Je suis né le 30 Janvier 1947 en Corrèze sur le plateau des Millevaches, ma mère Marie Antoinette MAGIMEL est aussi née dans le même village ;

En 1945 elle travaillait dans une ferme où il y avait un prisonnier de guerre allemand. C’est là qu’ils se sont connus. En 1951 ma mère s’est mariée avec Jean Baptiste ROUME. Il m’a reconnu le jour du mariage c’est pourquoi je porte son nom.
Vers l’âge de 7 ans j’ai appris, par un voisin, que mon père n’était pas mon géniteur, ma mère n’a jamais abordé le sujet ; néanmoins elle faisait des allusions à un prisonnier allemand qui travaillait dans la même ferme.

Ce n’est que vers l’âge de 45 ans que j’ai voulu connaitre mon vrai père.
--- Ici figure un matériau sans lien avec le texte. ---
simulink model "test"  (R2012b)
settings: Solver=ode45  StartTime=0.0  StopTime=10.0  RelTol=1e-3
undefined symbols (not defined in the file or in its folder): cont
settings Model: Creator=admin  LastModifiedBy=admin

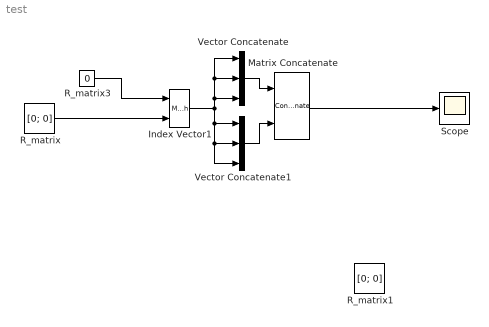
== system test ==
  Index Vector1 : MultiPortSwitch  DataPortOrder=Zero-based contiguous  Inputs=1  zeroidx=on
  Matrix Concatenate : Concatenate  Mode=Multidimensional array  ConcatenateDimension=2
  R_matrix : Constant  Value=[0; 0]  SampleTime=cont.LoopPeriod
  R_matrix1 : Constant  Value=[0; 0]  SampleTime=cont.LoopPeriod
  R_matrix3 : Constant  Value=0  SampleTime=cont.LoopPeriod
  Scope : Scope
  Vector Concatenate : Concatenate  NumInputs=3
  Vector Concatenate1 : Concatenate  NumInputs=3
  wires:
  R_matrix/1 -> Index Vector1/2
  R_matrix3/1 -> Index Vector1/1
  Matrix Concatenate/1 -> Scope/1
  Index Vector1/1 -> Vector Concatenate1/3, Vector Concatenate1/2, Vector Concatenate1/1, Vector Concatenate/3, Vector Concatenate/2, Vector Concatenate/1
  Vector Concatenate1/1 -> Matrix Concatenate/2
  Vector Concatenate/1 -> Matrix Concatenate/1

J’ai donc demandé à ma mère. Ne connaissant pas un mot d’allemand elle m’a répondu spontanément « Kurt MEINE  » 45 ans après !

J’ai attendu 2008 (retraite) pour entreprendre les recherches de Kurt MEINE ; Première étape, le Telefonbuch c’est-à-dire l’annuaire téléphonique Allemand ; il y avait environ 300 noms MEINE dont 4 Kurt MEINE ; j’ai écrit environ 30 lettres en Allemand (je connais un peu la langue Allemande et c’est ma première chance) ; Le résultat a été de 5 réponses dont une d’un Kurt MEINE mais il était prisonnier en secteur soviétique et 4 réponses négatives, il n’y avait pas de prisonniers Kurt MEINE dans leur famille.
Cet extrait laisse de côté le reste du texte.